### Your task
Report back every line in the data that includes the string "True".

### Input material
--*--
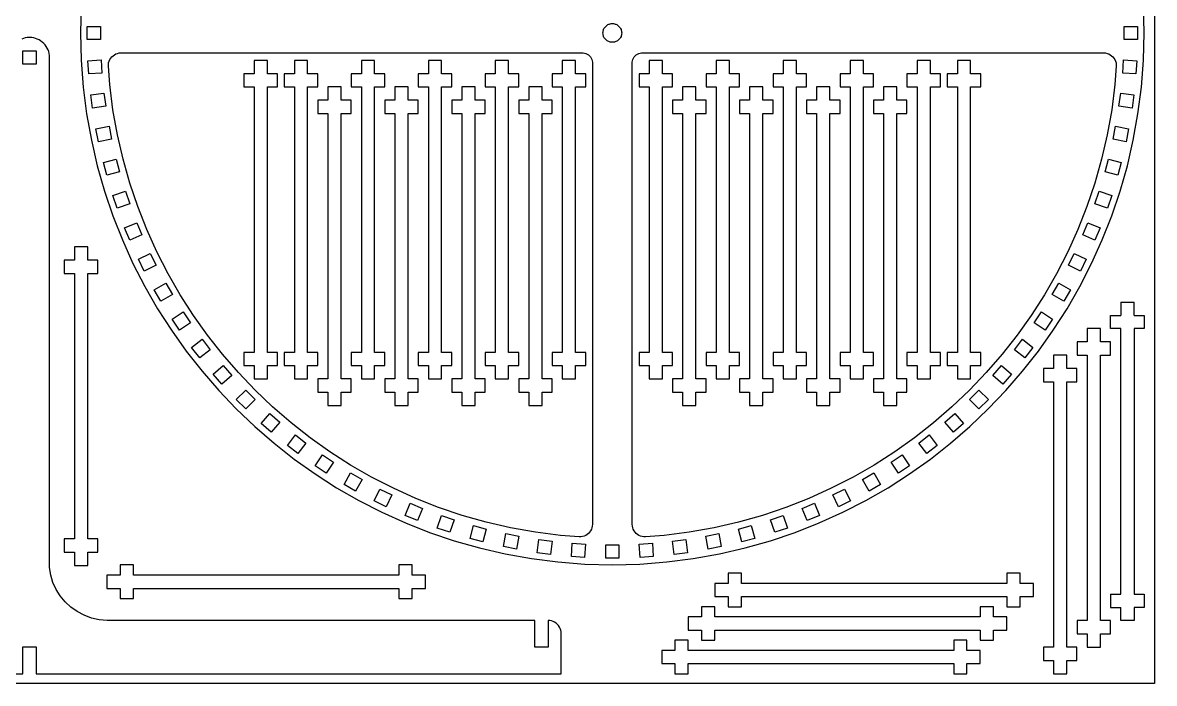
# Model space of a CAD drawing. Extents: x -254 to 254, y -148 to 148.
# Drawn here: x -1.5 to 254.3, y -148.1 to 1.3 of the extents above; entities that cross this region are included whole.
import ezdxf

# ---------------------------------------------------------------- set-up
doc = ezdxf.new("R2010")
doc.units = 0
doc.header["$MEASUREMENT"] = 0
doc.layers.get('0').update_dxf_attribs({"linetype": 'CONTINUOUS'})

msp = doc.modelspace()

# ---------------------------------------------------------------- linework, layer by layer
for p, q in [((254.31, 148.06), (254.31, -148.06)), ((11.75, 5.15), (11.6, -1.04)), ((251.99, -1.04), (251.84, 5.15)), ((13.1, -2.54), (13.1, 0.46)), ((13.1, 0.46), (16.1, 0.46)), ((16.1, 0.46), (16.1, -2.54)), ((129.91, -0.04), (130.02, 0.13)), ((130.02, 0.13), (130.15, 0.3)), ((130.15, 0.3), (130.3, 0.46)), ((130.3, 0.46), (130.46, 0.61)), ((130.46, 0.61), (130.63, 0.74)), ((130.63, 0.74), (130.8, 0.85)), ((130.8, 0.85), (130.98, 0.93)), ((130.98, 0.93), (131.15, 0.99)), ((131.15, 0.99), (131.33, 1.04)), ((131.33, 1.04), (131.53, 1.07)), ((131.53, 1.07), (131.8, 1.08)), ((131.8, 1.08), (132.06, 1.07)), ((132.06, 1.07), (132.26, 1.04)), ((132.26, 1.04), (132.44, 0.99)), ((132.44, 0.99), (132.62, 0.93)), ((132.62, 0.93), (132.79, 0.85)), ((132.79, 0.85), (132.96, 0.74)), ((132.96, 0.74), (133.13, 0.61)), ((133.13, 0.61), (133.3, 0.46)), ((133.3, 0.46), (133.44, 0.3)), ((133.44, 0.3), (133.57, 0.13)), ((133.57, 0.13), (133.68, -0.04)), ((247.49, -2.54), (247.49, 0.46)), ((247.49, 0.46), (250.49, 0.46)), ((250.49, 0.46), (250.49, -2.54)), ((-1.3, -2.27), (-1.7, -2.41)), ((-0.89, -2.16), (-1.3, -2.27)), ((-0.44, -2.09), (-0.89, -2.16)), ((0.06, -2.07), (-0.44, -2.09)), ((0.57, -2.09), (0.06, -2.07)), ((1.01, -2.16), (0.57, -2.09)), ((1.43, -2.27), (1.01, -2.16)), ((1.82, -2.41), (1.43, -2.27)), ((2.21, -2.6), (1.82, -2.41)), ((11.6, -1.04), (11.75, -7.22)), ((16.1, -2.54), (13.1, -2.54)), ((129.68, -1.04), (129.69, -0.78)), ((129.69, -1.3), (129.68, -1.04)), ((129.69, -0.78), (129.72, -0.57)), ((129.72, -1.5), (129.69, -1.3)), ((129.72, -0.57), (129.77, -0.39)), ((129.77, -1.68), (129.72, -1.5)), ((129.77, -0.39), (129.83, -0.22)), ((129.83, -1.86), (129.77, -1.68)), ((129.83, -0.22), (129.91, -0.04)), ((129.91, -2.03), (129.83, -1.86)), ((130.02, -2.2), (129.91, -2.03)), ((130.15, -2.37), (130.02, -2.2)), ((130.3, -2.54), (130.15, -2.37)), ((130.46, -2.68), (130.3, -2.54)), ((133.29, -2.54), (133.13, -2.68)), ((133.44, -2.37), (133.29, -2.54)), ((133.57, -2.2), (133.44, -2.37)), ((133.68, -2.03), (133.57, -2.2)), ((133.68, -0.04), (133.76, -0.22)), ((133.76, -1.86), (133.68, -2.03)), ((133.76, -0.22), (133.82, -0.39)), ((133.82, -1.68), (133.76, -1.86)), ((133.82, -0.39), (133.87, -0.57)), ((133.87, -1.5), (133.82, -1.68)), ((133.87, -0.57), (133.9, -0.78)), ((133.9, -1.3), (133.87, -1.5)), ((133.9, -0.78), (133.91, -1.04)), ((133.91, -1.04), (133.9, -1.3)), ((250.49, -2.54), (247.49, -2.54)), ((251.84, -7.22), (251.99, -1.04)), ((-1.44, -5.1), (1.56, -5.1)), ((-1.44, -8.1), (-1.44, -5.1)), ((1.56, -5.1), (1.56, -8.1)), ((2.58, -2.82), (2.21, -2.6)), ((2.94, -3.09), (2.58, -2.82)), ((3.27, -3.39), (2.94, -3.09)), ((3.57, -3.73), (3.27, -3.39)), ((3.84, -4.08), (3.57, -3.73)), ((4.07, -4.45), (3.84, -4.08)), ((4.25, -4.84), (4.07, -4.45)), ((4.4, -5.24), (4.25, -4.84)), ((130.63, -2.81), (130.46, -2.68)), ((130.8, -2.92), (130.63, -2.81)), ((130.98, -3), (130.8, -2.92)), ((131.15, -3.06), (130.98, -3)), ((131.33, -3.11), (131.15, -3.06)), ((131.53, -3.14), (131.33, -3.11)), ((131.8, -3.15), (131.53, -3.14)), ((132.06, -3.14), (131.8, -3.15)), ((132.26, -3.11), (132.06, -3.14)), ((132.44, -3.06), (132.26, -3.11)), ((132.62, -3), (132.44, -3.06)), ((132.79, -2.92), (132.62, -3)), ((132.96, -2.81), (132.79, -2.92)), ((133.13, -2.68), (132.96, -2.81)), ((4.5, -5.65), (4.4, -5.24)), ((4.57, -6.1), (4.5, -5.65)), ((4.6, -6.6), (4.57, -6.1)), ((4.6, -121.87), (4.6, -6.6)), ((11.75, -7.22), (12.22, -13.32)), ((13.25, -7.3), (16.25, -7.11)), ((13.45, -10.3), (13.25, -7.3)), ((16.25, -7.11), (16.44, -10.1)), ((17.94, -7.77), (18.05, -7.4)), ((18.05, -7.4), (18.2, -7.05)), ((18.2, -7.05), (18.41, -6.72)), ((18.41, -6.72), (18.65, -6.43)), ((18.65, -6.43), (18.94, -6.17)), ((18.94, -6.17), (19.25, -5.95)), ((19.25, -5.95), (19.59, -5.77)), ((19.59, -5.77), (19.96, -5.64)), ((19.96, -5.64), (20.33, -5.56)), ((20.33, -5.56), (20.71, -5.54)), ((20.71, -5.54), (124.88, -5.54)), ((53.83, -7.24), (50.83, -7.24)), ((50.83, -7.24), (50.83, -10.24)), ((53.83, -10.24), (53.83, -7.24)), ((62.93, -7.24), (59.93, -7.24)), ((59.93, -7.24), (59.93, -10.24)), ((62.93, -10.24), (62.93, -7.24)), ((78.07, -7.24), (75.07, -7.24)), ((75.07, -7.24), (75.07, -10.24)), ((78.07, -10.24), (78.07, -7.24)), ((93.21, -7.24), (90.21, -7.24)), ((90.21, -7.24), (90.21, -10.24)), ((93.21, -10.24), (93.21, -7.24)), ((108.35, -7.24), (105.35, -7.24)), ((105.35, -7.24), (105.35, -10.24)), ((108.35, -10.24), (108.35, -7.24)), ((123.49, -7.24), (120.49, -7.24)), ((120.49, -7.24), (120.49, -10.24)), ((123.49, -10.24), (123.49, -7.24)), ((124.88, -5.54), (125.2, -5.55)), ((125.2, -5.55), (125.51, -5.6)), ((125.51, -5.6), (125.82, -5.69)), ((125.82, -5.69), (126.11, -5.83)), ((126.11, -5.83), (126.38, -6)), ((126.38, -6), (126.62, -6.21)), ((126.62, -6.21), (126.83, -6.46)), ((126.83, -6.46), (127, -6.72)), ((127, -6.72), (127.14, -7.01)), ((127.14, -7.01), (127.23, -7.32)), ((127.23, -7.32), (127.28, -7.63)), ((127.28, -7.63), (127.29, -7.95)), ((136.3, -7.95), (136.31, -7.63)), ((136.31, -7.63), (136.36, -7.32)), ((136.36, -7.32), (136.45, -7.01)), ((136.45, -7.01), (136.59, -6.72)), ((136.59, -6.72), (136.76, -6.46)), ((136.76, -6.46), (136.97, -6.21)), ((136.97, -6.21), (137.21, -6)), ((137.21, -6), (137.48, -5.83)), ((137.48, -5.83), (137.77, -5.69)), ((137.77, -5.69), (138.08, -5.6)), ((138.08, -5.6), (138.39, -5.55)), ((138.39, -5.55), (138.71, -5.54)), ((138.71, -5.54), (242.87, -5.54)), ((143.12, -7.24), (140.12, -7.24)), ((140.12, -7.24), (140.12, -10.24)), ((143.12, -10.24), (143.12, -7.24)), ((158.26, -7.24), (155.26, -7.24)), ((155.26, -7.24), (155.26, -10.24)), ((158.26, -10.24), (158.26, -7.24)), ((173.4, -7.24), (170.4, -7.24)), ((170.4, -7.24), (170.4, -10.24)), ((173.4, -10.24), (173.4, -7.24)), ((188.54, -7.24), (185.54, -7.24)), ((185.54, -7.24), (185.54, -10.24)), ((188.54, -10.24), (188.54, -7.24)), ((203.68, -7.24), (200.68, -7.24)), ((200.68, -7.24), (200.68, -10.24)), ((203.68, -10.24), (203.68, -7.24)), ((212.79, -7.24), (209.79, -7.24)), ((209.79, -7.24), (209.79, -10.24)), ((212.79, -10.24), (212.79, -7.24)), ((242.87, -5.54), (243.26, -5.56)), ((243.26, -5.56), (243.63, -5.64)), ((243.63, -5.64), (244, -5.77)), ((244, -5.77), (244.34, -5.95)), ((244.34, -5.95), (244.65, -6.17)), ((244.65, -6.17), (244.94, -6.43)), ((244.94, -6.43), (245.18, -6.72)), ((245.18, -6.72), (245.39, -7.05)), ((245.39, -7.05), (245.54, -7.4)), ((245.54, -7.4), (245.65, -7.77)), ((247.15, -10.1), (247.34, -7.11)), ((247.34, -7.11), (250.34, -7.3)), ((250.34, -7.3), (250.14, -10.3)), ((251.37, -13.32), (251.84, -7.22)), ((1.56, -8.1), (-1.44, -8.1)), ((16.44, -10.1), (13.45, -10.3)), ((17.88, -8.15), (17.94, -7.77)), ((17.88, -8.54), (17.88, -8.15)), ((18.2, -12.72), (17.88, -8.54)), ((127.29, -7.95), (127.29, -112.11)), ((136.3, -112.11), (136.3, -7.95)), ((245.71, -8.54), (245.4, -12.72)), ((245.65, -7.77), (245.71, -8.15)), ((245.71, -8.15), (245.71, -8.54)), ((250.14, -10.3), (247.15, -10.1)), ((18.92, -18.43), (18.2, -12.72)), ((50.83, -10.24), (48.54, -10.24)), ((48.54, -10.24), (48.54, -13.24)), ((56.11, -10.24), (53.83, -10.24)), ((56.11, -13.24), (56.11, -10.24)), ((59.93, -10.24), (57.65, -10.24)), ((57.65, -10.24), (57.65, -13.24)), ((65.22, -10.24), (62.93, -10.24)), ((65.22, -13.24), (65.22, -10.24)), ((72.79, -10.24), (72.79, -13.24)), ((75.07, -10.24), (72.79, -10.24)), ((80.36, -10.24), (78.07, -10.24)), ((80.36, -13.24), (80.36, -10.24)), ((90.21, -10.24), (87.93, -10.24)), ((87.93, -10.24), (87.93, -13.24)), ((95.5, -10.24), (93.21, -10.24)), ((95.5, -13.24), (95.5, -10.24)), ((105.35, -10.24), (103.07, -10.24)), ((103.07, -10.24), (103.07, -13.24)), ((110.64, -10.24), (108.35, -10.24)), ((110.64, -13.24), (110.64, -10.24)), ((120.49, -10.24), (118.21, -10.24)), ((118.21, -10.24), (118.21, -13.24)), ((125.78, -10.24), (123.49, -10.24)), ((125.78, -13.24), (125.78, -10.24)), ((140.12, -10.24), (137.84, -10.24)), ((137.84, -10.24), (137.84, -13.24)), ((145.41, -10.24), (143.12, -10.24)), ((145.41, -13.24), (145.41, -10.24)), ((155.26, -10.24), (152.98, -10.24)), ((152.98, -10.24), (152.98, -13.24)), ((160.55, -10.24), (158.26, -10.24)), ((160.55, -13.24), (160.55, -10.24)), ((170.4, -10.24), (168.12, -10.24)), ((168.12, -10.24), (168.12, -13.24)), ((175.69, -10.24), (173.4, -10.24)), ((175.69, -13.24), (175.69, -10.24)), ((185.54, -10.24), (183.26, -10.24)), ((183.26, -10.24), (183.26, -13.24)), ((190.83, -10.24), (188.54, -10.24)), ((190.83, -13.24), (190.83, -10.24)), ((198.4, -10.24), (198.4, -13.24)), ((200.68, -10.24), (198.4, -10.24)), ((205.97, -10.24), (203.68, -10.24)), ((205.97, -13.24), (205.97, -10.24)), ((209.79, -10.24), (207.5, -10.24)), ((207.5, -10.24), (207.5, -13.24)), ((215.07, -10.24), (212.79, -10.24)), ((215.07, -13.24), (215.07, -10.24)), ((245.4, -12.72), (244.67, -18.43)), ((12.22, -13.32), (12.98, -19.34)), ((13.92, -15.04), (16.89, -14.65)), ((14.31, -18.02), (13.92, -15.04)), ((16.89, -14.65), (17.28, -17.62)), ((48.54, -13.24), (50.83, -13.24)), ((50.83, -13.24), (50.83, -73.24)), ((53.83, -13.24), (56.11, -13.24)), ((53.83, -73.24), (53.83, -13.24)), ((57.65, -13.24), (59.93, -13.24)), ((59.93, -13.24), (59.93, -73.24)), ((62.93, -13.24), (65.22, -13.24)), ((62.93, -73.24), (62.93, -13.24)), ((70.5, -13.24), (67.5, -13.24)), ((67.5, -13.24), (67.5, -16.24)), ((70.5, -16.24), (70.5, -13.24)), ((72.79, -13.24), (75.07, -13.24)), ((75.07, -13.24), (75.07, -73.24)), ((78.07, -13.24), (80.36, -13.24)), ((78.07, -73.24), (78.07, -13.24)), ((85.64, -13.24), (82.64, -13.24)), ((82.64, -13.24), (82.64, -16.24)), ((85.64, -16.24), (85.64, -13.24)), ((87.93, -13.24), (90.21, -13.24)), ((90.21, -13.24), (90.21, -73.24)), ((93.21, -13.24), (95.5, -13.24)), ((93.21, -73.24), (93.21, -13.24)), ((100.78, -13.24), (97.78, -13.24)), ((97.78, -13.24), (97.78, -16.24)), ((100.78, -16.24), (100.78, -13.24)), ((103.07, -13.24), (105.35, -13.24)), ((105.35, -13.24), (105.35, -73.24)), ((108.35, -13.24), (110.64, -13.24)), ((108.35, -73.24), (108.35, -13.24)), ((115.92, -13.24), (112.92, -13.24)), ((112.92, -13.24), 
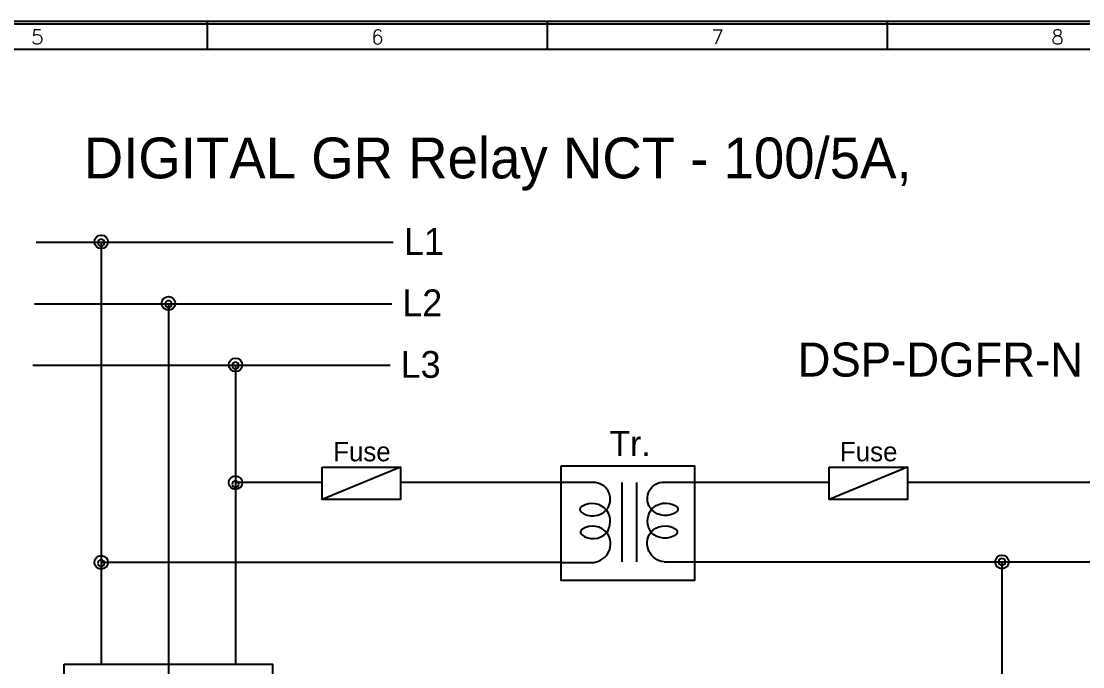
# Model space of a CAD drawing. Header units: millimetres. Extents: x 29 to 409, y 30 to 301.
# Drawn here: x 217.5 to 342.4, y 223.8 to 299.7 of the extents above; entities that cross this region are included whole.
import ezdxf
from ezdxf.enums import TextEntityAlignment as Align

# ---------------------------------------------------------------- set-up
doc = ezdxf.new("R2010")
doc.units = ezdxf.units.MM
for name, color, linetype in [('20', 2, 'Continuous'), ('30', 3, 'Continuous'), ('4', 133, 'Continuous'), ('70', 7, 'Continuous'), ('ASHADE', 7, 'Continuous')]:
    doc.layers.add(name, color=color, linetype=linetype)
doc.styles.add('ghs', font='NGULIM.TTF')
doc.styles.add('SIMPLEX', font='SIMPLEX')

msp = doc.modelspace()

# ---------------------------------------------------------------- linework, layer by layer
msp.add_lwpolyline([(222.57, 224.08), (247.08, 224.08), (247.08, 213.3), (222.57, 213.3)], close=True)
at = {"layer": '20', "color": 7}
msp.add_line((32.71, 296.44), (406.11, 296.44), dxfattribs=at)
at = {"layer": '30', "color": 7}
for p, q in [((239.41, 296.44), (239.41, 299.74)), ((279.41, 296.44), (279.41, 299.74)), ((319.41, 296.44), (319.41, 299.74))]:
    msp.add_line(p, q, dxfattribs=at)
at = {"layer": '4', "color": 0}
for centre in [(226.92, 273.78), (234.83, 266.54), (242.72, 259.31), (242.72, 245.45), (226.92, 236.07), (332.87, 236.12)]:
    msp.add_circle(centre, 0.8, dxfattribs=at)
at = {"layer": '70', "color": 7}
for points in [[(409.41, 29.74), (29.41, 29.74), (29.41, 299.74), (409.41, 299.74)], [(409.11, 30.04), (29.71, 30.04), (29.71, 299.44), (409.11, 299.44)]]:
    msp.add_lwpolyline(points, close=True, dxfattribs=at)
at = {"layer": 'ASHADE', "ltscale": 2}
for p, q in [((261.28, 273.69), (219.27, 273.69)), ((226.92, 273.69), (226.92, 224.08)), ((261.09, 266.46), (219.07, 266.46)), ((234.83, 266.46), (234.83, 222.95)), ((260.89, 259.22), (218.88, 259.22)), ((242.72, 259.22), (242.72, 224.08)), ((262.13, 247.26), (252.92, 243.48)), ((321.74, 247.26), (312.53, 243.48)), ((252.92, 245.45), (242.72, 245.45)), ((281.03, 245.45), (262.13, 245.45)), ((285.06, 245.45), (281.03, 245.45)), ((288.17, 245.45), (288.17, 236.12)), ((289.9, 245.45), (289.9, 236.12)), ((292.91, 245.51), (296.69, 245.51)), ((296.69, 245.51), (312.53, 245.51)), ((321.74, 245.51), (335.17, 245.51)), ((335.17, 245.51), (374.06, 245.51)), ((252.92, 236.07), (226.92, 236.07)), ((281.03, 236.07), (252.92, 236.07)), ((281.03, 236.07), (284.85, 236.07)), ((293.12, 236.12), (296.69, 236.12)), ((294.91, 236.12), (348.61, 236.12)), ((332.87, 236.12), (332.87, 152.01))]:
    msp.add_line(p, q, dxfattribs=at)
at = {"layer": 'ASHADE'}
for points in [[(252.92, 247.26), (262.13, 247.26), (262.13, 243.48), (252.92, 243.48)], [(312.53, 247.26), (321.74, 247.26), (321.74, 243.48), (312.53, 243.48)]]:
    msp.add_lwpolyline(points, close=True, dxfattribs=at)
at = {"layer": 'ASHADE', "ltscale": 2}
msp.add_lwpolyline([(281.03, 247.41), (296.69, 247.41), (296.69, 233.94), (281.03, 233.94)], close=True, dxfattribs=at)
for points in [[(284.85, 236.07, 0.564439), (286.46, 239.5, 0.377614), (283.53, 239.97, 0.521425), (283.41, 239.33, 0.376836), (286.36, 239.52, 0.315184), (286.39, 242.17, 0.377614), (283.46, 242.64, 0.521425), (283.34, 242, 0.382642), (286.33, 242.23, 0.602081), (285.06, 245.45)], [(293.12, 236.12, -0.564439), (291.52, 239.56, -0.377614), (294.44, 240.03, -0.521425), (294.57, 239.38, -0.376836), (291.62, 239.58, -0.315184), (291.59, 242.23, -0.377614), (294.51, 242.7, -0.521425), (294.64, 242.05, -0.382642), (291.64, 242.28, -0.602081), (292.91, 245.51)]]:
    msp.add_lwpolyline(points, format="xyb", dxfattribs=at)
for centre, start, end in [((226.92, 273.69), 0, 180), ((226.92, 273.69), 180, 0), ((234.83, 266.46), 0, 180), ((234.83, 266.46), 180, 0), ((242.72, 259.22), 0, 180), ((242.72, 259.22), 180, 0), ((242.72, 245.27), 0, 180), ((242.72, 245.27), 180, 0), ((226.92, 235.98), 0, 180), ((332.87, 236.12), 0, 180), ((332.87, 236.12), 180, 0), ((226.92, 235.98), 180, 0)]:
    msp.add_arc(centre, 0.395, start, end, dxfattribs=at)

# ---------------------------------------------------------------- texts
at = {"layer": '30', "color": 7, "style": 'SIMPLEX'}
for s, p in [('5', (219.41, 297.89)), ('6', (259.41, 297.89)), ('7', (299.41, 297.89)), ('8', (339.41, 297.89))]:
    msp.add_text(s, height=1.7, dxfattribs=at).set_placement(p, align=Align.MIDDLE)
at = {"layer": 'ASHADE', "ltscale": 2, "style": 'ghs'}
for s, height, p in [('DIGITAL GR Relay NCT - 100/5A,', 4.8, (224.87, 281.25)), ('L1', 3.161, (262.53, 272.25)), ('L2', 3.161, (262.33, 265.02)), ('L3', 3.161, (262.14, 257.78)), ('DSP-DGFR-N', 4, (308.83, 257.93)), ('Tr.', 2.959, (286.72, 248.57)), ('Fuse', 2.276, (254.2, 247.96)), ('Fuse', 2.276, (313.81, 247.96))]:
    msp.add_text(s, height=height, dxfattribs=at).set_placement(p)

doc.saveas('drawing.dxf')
--*--
### Solution for this task
msp.add_lwpolyline([(222.57, 224.08), (247.08, 224.08), (247.08, 213.3), (222.57, 213.3)], close=True)
    msp.add_lwpolyline(points, close=True, dxfattribs=at)
    msp.add_lwpolyline(points, close=True, dxfattribs=at)
msp.add_lwpolyline([(281.03, 247.41), (296.69, 247.41), (296.69, 233.94), (281.03, 233.94)], close=True, dxfattribs=at)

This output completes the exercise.